_The task_
Would you print the records below from the first line through the line containing "for name, color, linetype, lineweight", skipping the pictures?

_Supplied information_
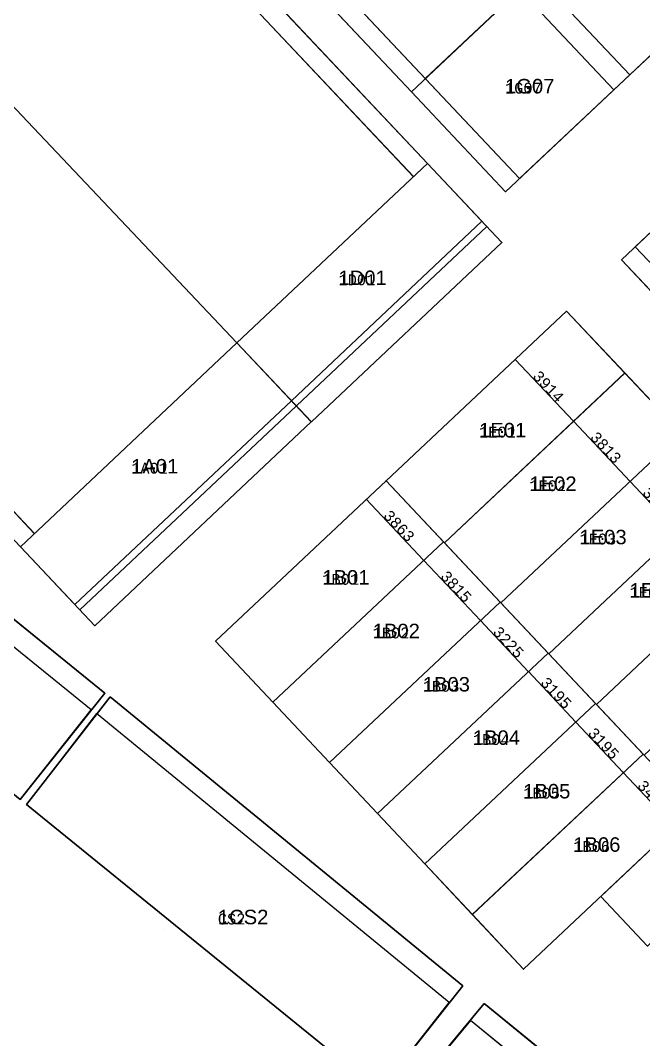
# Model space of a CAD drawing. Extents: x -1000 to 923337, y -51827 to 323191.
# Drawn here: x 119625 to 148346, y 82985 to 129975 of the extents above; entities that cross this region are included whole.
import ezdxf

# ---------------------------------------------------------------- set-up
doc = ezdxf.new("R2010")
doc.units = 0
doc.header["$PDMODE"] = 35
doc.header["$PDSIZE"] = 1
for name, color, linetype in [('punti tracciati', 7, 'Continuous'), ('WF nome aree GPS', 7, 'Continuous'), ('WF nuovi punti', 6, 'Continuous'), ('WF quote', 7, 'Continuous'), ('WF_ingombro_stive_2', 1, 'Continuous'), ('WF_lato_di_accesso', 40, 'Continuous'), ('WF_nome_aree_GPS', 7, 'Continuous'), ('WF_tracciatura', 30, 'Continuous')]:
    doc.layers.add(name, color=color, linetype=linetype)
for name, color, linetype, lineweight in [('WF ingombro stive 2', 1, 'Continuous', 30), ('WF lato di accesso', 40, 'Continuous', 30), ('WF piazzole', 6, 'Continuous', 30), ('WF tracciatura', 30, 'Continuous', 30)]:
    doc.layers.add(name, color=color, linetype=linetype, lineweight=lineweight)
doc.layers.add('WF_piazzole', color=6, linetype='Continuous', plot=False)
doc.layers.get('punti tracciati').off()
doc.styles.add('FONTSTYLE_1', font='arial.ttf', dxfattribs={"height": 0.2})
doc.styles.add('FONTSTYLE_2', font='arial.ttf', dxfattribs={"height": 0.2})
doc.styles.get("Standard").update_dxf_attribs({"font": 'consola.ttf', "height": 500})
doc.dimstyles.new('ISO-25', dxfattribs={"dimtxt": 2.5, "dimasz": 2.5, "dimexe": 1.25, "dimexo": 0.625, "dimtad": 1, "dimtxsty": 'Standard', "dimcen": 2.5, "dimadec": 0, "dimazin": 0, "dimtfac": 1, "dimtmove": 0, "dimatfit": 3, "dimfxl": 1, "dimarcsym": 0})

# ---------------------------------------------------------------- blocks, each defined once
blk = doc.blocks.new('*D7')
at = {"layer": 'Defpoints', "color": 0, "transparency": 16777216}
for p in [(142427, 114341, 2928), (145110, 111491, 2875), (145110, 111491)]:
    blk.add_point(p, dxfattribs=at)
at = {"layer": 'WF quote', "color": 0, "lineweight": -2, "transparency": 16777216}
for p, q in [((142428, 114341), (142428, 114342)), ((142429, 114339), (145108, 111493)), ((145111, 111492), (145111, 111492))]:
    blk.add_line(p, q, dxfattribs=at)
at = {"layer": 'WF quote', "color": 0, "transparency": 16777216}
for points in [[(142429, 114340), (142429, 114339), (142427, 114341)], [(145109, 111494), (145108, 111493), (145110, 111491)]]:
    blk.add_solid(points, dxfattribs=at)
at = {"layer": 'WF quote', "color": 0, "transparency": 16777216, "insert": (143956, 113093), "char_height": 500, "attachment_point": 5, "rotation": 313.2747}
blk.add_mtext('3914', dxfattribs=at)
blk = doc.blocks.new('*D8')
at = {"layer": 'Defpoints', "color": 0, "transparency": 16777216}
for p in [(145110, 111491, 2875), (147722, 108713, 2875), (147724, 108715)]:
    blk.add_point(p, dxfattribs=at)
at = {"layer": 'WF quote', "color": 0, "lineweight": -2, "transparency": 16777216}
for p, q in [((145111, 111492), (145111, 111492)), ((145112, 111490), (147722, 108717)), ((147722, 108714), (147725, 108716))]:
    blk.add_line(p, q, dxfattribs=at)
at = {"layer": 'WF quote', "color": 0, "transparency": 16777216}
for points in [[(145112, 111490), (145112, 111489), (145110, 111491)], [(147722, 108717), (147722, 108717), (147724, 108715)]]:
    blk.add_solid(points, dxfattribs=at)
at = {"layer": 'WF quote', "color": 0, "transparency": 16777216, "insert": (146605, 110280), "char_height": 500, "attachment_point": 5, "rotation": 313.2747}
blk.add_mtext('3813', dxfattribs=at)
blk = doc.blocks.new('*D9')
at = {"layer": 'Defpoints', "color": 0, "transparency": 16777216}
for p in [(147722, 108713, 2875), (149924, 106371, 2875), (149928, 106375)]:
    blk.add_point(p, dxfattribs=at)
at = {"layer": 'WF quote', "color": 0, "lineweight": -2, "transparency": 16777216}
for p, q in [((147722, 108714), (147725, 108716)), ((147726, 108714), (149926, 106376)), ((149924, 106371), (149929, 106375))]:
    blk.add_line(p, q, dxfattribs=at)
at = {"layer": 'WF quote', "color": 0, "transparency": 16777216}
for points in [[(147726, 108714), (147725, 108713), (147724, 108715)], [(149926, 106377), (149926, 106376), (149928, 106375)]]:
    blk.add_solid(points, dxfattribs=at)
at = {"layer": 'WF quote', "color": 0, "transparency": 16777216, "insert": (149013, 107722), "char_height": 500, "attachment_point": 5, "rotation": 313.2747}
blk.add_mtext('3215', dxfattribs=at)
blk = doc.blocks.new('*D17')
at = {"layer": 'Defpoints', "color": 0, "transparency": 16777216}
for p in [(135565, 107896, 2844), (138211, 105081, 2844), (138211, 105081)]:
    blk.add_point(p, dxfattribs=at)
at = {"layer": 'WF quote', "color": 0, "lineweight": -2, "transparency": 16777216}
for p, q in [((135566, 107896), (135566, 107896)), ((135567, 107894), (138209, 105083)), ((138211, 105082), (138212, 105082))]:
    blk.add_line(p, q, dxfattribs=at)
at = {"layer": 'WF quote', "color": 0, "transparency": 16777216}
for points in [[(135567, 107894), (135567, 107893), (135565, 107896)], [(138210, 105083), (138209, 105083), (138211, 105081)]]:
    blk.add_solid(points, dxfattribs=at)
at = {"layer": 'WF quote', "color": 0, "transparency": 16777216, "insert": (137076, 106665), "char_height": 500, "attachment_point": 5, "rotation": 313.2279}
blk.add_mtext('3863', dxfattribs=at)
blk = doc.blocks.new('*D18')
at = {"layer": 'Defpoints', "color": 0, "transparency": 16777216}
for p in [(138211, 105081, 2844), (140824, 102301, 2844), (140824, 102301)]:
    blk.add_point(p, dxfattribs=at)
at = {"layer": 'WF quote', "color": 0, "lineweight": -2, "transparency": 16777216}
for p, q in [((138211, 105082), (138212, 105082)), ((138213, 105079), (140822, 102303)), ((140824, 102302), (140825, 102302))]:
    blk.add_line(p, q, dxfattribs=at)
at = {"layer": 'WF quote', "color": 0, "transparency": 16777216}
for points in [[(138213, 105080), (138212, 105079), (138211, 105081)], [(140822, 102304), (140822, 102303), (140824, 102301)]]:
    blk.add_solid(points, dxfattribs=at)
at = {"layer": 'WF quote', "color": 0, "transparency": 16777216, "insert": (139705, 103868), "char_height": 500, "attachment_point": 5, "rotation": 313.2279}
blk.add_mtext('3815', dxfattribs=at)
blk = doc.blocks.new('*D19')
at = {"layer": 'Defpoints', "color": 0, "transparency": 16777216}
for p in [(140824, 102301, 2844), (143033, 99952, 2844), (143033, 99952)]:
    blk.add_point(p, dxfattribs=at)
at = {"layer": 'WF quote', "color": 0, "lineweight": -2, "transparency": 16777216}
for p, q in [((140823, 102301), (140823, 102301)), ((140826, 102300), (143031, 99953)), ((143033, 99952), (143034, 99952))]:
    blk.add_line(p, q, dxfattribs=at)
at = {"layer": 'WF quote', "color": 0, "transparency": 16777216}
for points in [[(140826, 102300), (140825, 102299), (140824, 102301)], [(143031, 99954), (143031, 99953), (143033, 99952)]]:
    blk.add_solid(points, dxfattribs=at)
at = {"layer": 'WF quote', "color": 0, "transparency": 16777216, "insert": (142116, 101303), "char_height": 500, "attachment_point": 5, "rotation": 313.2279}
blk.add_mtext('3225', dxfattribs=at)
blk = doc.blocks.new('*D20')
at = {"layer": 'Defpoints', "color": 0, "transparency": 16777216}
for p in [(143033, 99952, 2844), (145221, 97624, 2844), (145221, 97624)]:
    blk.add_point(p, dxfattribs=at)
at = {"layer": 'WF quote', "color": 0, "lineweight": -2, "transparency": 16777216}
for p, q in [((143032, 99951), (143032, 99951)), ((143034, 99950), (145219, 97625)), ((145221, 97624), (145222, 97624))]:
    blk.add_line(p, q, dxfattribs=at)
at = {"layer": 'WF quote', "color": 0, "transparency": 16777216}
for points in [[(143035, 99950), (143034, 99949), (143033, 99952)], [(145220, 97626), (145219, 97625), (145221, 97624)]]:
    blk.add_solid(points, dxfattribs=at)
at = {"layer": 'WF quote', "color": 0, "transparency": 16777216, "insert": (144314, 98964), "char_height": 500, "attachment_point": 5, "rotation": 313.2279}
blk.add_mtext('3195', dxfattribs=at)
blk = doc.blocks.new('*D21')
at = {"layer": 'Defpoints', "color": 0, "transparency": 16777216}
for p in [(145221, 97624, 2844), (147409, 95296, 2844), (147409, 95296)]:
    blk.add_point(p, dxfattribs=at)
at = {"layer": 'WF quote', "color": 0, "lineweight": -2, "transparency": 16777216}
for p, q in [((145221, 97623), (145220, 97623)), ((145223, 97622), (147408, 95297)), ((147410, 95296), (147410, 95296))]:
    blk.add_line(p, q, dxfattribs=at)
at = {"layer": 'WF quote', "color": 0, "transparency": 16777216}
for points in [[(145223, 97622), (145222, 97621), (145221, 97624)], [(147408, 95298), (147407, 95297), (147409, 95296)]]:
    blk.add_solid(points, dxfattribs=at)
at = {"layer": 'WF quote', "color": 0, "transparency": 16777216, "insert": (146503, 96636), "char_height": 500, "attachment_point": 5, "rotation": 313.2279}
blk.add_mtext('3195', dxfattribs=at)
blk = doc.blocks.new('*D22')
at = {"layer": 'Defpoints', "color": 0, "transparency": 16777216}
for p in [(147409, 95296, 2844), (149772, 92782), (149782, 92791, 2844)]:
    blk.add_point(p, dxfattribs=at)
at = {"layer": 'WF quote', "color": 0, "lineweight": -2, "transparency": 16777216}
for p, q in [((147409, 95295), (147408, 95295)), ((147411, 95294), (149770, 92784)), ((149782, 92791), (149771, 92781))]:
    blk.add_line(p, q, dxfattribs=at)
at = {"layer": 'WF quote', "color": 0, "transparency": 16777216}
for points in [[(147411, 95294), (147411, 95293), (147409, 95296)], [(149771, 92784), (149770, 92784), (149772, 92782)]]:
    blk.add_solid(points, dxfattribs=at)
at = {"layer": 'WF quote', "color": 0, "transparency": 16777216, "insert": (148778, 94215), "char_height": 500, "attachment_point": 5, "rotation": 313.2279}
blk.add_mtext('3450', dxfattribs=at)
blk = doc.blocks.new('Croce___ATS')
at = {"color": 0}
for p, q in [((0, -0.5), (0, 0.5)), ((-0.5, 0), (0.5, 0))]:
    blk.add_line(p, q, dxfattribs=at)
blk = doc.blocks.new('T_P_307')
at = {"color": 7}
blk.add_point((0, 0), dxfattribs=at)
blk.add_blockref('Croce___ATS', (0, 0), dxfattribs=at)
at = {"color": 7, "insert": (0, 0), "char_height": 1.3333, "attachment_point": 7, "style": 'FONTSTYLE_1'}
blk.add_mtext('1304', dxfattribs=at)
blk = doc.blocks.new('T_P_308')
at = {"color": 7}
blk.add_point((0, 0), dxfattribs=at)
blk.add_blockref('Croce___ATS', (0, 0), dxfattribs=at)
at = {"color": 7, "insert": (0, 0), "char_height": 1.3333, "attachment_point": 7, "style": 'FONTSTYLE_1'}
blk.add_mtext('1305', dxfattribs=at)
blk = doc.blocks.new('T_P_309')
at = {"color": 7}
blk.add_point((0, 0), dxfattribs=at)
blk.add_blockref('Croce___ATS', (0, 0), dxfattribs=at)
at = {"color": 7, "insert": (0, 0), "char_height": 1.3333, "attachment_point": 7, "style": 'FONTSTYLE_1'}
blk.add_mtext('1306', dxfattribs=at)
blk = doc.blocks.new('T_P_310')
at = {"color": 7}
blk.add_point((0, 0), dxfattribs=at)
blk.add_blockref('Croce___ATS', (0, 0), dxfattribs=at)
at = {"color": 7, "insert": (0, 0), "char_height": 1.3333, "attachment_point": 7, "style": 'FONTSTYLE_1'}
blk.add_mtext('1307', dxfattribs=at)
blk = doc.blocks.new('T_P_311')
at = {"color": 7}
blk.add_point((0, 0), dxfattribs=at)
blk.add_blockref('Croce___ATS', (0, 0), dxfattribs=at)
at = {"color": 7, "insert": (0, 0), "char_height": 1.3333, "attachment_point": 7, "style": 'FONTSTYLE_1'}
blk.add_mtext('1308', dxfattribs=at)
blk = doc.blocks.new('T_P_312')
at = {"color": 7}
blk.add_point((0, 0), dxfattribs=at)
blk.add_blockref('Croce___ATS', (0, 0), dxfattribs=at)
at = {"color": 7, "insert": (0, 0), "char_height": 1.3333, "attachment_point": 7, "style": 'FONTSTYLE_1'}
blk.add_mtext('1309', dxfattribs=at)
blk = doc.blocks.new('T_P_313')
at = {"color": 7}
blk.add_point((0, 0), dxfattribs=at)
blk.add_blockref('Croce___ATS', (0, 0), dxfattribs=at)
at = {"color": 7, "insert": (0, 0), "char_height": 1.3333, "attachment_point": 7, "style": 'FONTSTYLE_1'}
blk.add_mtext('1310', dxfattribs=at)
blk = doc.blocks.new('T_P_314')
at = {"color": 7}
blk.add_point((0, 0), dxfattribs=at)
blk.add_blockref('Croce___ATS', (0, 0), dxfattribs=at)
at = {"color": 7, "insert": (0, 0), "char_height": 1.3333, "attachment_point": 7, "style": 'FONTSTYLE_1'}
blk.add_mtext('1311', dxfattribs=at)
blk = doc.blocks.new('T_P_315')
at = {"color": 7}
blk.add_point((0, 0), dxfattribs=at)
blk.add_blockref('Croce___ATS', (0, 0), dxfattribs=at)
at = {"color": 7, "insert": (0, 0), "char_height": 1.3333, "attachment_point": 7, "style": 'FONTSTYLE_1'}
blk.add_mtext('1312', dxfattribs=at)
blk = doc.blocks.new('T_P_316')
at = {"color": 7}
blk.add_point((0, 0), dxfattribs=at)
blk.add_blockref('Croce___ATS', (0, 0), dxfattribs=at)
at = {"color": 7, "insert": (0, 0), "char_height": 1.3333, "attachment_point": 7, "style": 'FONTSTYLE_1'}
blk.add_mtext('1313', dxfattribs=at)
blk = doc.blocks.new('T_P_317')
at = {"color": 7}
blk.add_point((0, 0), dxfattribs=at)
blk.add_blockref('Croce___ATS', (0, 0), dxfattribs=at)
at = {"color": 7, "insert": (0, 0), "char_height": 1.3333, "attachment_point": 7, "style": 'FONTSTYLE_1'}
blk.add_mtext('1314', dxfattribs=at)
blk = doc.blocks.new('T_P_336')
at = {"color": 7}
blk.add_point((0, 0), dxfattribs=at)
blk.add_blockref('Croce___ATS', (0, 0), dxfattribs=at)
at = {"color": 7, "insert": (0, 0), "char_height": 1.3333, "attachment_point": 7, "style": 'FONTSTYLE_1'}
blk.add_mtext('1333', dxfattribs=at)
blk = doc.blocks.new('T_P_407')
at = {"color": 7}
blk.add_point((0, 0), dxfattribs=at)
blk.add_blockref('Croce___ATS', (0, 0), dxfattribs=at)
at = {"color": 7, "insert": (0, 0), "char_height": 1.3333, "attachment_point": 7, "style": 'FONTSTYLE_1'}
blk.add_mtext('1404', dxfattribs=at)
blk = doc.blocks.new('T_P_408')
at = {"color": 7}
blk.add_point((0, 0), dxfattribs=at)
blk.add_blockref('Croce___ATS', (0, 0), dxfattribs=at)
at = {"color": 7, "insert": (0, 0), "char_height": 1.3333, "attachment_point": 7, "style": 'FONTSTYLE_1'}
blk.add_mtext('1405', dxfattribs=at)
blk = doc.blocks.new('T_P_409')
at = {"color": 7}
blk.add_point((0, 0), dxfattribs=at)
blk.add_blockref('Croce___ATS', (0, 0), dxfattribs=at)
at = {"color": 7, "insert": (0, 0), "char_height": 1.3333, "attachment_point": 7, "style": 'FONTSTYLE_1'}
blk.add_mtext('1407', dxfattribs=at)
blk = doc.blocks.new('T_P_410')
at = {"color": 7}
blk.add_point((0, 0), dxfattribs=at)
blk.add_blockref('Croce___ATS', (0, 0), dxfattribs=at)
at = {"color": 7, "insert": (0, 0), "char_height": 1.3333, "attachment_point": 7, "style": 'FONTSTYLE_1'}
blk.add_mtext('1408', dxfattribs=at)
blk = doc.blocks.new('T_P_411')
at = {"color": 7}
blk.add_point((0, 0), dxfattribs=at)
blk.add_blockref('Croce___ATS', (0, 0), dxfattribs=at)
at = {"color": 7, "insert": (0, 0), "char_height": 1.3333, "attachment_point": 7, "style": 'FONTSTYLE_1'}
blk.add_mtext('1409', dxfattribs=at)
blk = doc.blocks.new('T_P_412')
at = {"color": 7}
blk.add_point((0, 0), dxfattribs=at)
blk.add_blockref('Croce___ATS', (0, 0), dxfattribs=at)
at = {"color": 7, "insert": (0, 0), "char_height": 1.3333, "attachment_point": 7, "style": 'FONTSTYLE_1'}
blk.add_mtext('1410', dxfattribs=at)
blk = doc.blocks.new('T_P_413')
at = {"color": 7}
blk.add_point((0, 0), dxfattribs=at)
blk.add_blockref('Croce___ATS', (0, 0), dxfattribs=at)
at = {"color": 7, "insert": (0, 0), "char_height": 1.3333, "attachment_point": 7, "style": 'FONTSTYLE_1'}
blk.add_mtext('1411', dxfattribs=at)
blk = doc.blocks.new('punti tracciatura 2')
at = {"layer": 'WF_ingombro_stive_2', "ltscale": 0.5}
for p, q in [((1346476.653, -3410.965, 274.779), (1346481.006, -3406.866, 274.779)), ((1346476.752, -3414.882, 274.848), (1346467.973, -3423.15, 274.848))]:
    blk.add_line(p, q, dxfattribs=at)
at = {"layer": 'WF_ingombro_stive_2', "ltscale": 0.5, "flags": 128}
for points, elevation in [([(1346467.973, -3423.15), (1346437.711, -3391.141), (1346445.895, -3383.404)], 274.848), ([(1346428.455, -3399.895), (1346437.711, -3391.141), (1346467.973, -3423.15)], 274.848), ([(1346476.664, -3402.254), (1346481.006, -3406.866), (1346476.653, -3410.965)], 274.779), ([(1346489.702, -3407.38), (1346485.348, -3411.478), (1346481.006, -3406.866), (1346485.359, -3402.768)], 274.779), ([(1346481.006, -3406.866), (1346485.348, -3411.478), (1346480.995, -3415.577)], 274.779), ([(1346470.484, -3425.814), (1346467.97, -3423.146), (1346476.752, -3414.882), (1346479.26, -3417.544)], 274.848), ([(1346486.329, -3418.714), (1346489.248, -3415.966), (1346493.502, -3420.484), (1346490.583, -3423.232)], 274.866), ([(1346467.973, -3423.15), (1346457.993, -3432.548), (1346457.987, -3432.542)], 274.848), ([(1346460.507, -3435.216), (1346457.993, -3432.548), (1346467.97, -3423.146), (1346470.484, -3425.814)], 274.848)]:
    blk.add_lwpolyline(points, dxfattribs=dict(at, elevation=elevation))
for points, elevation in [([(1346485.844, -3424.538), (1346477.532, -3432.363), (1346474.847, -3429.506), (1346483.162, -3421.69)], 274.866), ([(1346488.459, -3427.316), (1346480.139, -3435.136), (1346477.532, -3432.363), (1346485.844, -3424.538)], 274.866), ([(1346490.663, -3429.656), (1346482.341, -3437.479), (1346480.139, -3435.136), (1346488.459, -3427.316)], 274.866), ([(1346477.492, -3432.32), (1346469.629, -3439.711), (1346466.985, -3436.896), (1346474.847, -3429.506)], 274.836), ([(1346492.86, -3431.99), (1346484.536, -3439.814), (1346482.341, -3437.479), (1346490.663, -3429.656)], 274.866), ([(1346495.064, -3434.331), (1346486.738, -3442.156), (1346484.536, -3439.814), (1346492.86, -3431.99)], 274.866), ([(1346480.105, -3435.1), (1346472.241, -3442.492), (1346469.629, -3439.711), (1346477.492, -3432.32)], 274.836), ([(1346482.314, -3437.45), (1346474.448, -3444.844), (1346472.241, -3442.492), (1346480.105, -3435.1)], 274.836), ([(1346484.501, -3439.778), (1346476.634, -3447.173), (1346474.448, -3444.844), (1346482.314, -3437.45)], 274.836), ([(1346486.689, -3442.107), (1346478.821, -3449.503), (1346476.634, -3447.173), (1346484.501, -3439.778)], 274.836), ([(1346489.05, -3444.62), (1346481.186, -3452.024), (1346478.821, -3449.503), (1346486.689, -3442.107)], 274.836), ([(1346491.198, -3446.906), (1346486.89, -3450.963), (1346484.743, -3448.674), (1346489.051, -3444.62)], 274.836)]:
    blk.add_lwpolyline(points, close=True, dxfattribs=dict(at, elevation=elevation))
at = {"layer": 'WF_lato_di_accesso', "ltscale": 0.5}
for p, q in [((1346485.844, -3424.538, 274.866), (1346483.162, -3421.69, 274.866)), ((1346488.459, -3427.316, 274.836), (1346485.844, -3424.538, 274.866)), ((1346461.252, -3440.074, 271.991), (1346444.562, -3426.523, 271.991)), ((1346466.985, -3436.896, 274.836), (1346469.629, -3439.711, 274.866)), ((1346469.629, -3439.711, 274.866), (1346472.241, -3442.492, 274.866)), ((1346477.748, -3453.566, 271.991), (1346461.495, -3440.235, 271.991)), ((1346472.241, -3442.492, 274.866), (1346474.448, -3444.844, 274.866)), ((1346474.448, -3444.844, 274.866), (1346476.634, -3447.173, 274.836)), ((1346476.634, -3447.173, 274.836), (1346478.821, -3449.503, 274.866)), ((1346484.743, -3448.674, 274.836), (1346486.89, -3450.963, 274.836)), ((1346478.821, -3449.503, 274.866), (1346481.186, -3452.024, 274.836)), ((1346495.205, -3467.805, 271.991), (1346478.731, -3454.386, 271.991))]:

_Final answer_
# Model space of a CAD drawing. Extents: x -1000 to 923337, y -51827 to 323191.
# Drawn here: x 119625 to 148346, y 82985 to 129975 of the extents above; entities that cross this region are included whole.
import ezdxf

# ---------------------------------------------------------------- set-up
doc = ezdxf.new("R2010")
doc.units = 0
doc.header["$PDMODE"] = 35
doc.header["$PDSIZE"] = 1
for name, color, linetype in [('punti tracciati', 7, 'Continuous'), ('WF nome aree GPS', 7, 'Continuous'), ('WF nuovi punti', 6, 'Continuous'), ('WF quote', 7, 'Continuous'), ('WF_ingombro_stive_2', 1, 'Continuous'), ('WF_lato_di_accesso', 40, 'Continuous'), ('WF_nome_aree_GPS', 7, 'Continuous'), ('WF_tracciatura', 30, 'Continuous')]:
    doc.layers.add(name, color=color, linetype=linetype)
for name, color, linetype, lineweight in [('WF ingombro stive 2', 1, 'Continuous', 30), ('WF lato di accesso', 40, 'Continuous', 30), ('WF piazzole', 6, 'Continuous', 30), ('WF tracciatura', 30, 'Continuous', 30)]:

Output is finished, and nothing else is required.